WORK TASK: Up to and including the line with "doc.styles.add('WALL TYPE$0$Aecom Chinese', font='Microsoft", restate every line of the records below word for word, from the first line on, leaving out the pictures.

RECORDS TO USE:
---*---
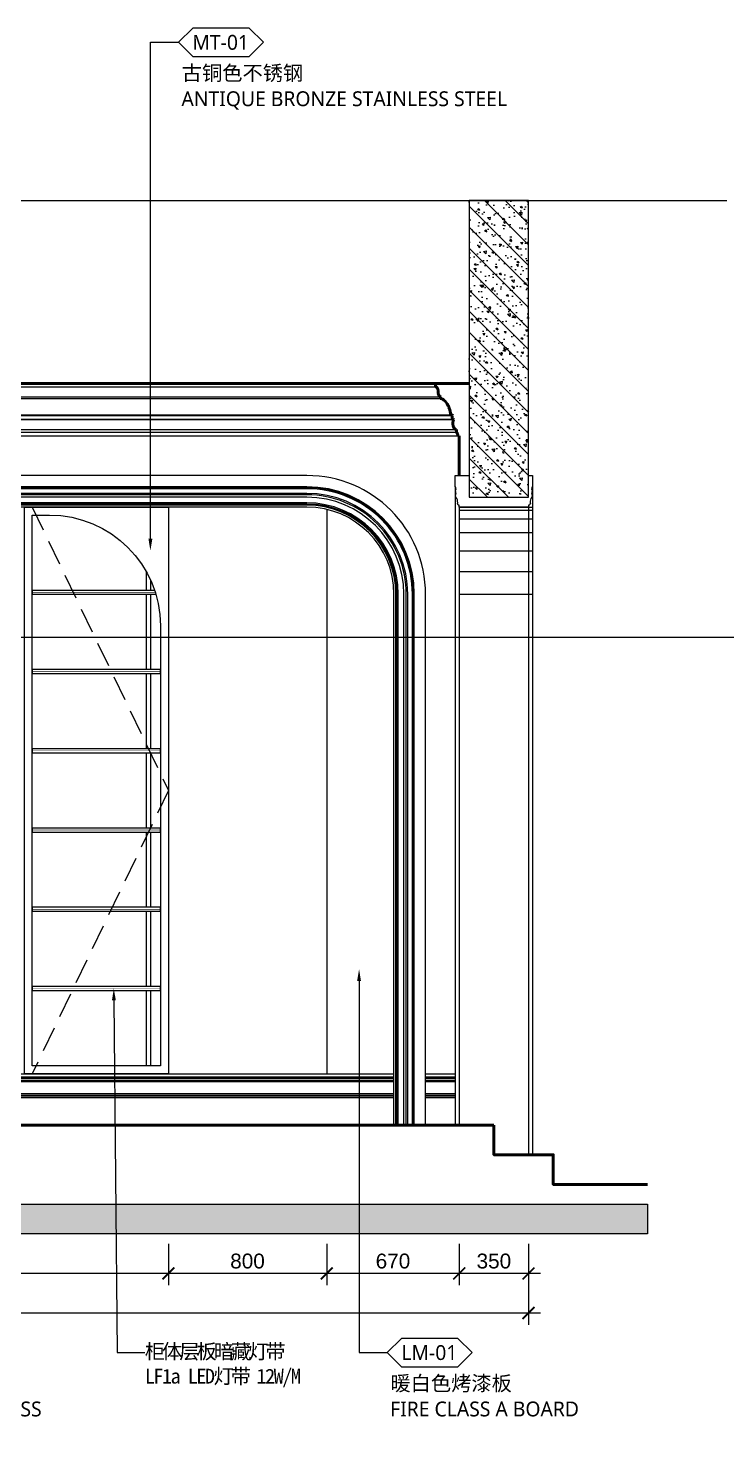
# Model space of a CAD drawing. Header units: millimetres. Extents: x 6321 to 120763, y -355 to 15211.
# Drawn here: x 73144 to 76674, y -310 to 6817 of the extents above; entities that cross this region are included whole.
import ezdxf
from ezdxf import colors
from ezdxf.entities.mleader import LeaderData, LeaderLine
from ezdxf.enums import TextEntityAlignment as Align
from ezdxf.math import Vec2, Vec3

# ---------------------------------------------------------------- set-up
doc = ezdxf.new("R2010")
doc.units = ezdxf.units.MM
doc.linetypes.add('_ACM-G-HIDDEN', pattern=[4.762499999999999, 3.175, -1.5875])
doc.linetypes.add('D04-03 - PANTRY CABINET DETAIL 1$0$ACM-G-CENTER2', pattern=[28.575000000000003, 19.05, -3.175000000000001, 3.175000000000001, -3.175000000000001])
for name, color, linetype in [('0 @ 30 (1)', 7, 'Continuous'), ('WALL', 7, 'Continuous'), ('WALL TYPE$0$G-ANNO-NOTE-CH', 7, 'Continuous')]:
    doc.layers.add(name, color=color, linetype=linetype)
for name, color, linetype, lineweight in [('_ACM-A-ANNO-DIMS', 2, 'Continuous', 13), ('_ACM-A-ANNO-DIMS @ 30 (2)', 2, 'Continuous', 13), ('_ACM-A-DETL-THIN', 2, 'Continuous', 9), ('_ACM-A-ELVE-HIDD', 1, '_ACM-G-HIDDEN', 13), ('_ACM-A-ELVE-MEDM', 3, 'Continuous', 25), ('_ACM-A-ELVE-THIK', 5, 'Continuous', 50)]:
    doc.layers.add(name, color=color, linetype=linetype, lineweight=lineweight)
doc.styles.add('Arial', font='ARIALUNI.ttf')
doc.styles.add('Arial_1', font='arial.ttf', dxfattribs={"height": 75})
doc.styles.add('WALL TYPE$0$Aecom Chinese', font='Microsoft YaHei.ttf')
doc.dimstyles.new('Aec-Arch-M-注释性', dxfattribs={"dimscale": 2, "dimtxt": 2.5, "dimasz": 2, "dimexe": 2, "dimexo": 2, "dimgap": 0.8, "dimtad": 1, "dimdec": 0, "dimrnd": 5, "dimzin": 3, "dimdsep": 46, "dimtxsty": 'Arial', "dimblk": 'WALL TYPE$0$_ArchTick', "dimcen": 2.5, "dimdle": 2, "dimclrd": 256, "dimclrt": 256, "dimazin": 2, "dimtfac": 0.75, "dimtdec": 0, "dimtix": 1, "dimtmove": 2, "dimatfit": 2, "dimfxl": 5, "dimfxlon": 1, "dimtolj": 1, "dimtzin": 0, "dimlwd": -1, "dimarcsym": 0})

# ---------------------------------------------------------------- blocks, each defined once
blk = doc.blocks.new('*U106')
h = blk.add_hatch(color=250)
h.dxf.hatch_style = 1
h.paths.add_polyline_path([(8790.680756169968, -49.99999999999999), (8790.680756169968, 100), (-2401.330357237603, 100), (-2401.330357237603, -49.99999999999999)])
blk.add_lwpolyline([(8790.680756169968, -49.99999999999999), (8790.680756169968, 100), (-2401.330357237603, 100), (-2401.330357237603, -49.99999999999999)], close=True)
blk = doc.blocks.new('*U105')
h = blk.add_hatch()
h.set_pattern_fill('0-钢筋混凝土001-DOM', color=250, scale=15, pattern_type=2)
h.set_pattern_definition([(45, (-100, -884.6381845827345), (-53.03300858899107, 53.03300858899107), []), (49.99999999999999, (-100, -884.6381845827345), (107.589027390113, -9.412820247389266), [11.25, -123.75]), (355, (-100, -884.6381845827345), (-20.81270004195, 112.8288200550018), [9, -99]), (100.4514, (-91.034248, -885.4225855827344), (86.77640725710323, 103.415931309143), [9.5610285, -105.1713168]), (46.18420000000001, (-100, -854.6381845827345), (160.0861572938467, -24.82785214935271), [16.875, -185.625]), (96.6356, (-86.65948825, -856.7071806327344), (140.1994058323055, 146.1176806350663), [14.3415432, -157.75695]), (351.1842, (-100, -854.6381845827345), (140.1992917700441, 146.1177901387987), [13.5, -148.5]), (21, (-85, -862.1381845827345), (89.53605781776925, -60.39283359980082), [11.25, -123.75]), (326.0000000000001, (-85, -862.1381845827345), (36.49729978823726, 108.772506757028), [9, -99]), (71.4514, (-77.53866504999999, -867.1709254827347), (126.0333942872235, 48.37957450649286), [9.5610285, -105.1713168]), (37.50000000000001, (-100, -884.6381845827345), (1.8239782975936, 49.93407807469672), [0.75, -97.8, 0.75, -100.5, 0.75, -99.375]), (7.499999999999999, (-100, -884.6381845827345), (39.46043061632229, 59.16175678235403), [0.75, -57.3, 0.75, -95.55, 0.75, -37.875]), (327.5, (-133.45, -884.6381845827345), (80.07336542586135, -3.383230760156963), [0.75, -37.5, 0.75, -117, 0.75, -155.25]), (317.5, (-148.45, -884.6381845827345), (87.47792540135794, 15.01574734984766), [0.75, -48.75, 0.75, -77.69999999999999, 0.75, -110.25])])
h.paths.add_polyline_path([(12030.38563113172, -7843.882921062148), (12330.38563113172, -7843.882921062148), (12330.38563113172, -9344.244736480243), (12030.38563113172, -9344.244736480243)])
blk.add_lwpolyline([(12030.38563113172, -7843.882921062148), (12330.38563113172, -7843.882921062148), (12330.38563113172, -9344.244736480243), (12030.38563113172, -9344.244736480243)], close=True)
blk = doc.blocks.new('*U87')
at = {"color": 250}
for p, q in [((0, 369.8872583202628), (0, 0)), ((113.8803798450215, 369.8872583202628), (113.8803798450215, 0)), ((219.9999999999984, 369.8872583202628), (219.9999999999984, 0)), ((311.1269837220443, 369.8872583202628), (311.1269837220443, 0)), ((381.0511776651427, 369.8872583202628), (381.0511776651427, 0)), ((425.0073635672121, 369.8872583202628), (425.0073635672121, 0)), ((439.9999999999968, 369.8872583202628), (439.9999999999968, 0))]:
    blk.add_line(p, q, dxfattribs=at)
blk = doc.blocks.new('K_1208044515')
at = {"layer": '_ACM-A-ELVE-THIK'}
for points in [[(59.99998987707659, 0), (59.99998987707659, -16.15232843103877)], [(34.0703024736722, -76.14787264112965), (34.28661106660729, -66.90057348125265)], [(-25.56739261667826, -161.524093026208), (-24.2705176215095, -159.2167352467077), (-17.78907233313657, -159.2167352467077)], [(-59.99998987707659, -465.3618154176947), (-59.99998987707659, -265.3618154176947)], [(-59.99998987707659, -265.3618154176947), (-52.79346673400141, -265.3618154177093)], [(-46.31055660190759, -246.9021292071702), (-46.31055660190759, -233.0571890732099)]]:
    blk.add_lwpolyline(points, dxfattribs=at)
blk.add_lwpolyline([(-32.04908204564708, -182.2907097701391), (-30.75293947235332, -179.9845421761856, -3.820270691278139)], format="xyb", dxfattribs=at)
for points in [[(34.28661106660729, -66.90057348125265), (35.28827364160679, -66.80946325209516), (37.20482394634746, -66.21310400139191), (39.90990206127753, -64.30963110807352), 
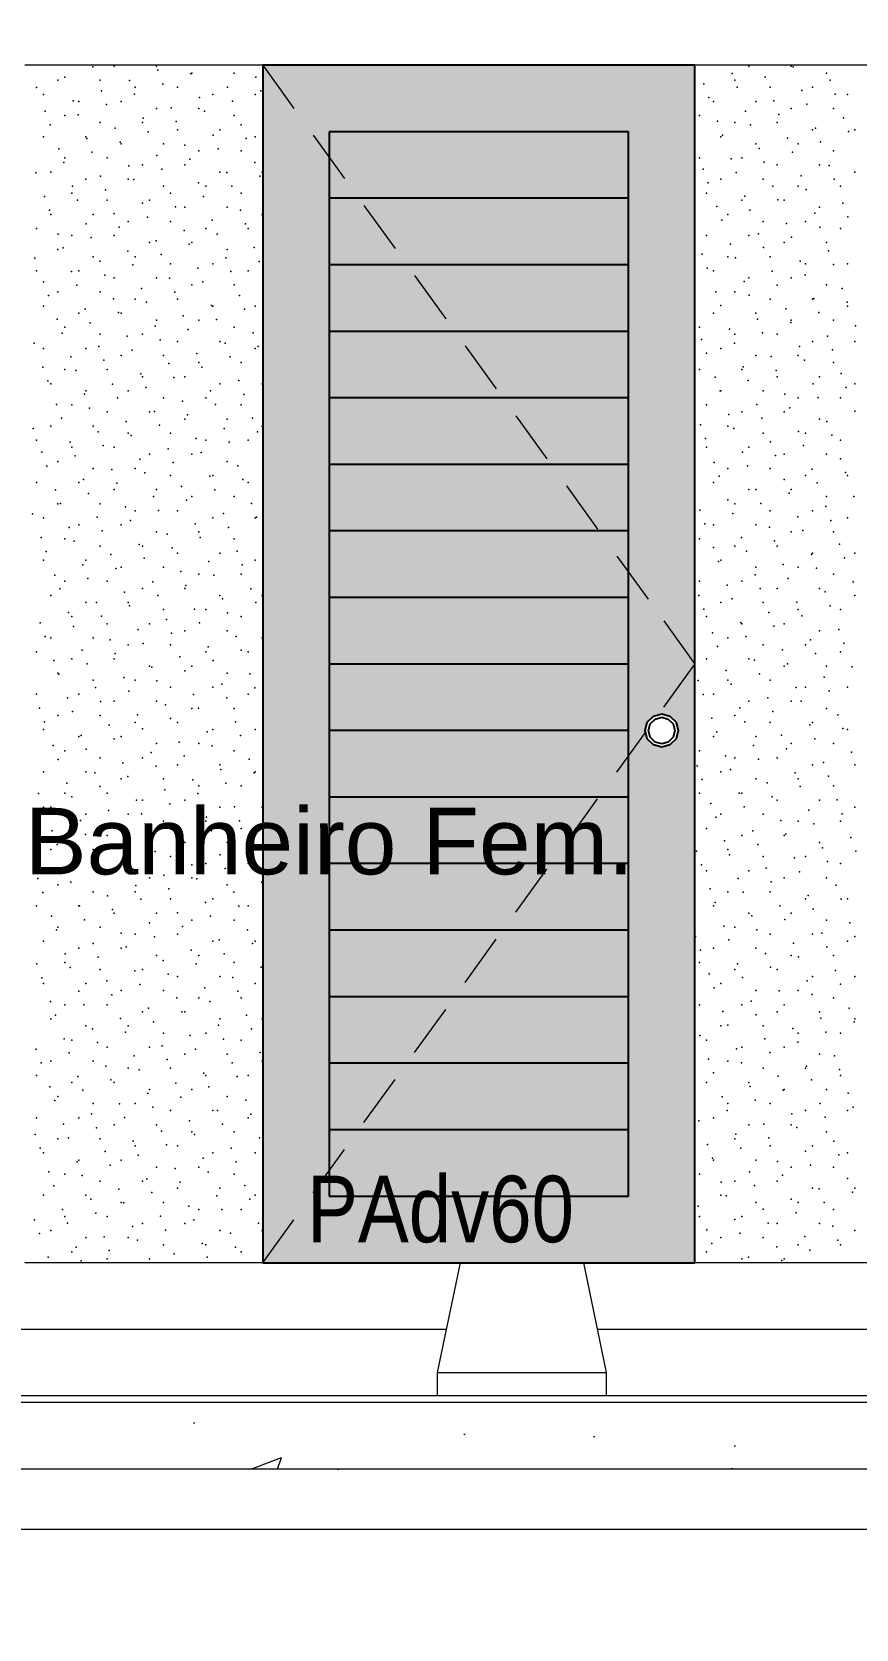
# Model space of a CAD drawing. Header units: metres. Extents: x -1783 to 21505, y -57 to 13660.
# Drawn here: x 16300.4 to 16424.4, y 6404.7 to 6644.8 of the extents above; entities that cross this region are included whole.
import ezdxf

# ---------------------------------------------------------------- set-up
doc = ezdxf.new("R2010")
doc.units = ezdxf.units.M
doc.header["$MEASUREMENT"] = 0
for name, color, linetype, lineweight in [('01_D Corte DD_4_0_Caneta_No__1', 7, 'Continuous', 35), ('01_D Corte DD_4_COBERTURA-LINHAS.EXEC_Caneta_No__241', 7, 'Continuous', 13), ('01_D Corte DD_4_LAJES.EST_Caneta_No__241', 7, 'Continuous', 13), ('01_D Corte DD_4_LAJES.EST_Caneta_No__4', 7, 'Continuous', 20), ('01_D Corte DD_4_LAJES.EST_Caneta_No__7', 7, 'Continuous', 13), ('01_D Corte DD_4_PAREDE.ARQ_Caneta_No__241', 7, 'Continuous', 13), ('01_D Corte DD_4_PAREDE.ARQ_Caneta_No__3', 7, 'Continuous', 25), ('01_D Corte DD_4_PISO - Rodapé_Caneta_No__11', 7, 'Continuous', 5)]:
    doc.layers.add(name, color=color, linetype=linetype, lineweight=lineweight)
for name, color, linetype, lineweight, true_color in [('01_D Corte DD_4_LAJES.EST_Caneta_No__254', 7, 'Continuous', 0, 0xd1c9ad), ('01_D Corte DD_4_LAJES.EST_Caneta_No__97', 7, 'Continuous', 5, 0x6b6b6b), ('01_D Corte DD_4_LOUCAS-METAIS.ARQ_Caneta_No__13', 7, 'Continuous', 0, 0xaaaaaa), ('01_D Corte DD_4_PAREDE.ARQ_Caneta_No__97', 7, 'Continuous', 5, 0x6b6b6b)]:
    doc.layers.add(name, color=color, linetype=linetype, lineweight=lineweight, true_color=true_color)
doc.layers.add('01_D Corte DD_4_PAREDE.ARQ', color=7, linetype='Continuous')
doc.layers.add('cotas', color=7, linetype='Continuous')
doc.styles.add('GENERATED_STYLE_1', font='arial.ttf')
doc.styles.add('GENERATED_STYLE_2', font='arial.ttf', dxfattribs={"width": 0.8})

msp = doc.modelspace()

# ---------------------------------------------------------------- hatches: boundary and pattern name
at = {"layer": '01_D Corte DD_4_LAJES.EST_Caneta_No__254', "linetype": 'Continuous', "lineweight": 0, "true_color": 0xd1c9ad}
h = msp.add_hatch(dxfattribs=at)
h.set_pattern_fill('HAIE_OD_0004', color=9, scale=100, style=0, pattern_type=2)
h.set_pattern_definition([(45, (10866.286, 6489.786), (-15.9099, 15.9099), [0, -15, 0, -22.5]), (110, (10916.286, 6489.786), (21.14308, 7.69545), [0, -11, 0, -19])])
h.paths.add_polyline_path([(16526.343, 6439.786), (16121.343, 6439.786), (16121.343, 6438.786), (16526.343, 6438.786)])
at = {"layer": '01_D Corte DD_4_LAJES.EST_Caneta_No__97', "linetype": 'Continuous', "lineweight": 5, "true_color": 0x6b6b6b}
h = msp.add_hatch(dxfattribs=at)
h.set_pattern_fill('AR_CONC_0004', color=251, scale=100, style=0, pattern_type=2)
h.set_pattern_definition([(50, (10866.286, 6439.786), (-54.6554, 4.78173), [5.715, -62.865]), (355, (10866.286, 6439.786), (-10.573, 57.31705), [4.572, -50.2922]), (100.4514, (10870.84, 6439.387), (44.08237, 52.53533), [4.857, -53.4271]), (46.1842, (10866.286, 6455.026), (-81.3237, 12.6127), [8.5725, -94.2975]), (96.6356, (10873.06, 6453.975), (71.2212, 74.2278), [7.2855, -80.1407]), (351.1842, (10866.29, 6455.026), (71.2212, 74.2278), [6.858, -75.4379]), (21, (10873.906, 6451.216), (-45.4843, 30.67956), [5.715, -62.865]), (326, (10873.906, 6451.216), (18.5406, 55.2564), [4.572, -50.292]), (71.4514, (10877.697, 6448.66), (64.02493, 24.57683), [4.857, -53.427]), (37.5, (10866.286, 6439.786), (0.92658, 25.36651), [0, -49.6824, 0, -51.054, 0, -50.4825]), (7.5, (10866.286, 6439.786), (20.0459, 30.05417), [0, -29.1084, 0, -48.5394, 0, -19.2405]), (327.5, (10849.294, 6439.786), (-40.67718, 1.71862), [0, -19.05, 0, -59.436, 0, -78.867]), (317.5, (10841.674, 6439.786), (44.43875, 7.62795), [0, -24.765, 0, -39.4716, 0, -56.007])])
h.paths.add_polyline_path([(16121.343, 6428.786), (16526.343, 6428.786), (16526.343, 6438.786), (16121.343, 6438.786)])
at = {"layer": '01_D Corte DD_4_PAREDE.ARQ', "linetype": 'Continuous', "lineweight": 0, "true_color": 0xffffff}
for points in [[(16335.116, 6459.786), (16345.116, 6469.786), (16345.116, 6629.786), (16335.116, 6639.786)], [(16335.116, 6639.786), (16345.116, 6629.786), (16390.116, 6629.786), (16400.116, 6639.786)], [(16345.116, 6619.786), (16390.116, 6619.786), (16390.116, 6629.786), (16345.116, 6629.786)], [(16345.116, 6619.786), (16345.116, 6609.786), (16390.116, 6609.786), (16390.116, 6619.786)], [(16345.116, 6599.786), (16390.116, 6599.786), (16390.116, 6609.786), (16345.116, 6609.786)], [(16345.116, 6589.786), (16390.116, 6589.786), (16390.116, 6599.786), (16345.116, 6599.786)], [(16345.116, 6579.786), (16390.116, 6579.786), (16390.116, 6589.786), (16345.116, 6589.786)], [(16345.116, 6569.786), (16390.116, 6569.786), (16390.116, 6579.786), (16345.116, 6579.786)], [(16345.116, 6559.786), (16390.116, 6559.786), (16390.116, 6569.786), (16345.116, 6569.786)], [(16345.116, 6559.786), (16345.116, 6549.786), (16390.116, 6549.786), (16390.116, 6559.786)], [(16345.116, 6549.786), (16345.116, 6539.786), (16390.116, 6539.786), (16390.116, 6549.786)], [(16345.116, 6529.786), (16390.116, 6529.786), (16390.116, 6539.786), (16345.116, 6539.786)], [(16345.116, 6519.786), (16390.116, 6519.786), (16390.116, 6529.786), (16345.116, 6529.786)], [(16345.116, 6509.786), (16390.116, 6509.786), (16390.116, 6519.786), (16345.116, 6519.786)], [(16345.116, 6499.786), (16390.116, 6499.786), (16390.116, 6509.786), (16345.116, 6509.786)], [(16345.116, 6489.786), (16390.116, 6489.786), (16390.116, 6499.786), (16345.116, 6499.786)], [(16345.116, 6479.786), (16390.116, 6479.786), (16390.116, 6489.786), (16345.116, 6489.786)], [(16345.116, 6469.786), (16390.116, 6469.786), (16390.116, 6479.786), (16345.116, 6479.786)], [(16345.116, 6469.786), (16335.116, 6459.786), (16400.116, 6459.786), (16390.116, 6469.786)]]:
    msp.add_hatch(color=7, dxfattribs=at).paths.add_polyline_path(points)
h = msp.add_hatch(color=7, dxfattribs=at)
---*---
SOLUTION FOR THIS TASK:
# Model space of a CAD drawing. Header units: millimetres. Extents: x 6321 to 120763, y -355 to 15211.
# Drawn here: x 73144 to 76674, y -310 to 6817 of the extents above; entities that cross this region are included whole.
import ezdxf
from ezdxf import colors
from ezdxf.entities.mleader import LeaderData, LeaderLine
from ezdxf.enums import TextEntityAlignment as Align
from ezdxf.math import Vec2, Vec3

# ---------------------------------------------------------------- set-up
doc = ezdxf.new("R2010")
doc.units = ezdxf.units.MM
doc.linetypes.add('_ACM-G-HIDDEN', pattern=[4.762499999999999, 3.175, -1.5875])
doc.linetypes.add('D04-03 - PANTRY CABINET DETAIL 1$0$ACM-G-CENTER2', pattern=[28.575000000000003, 19.05, -3.175000000000001, 3.175000000000001, -3.175000000000001])
for name, color, linetype in [('0 @ 30 (1)', 7, 'Continuous'), ('WALL', 7, 'Continuous'), ('WALL TYPE$0$G-ANNO-NOTE-CH', 7, 'Continuous')]:
    doc.layers.add(name, color=color, linetype=linetype)
for name, color, linetype, lineweight in [('_ACM-A-ANNO-DIMS', 2, 'Continuous', 13), ('_ACM-A-ANNO-DIMS @ 30 (2)', 2, 'Continuous', 13), ('_ACM-A-DETL-THIN', 2, 'Continuous', 9), ('_ACM-A-ELVE-HIDD', 1, '_ACM-G-HIDDEN', 13), ('_ACM-A-ELVE-MEDM', 3, 'Continuous', 25), ('_ACM-A-ELVE-THIK', 5, 'Continuous', 50)]:
    doc.layers.add(name, color=color, linetype=linetype, lineweight=lineweight)
doc.styles.add('Arial', font='ARIALUNI.ttf')
doc.styles.add('Arial_1', font='arial.ttf', dxfattribs={"height": 75})
doc.styles.add('WALL TYPE$0$Aecom Chinese', font='Microsoft YaHei.ttf')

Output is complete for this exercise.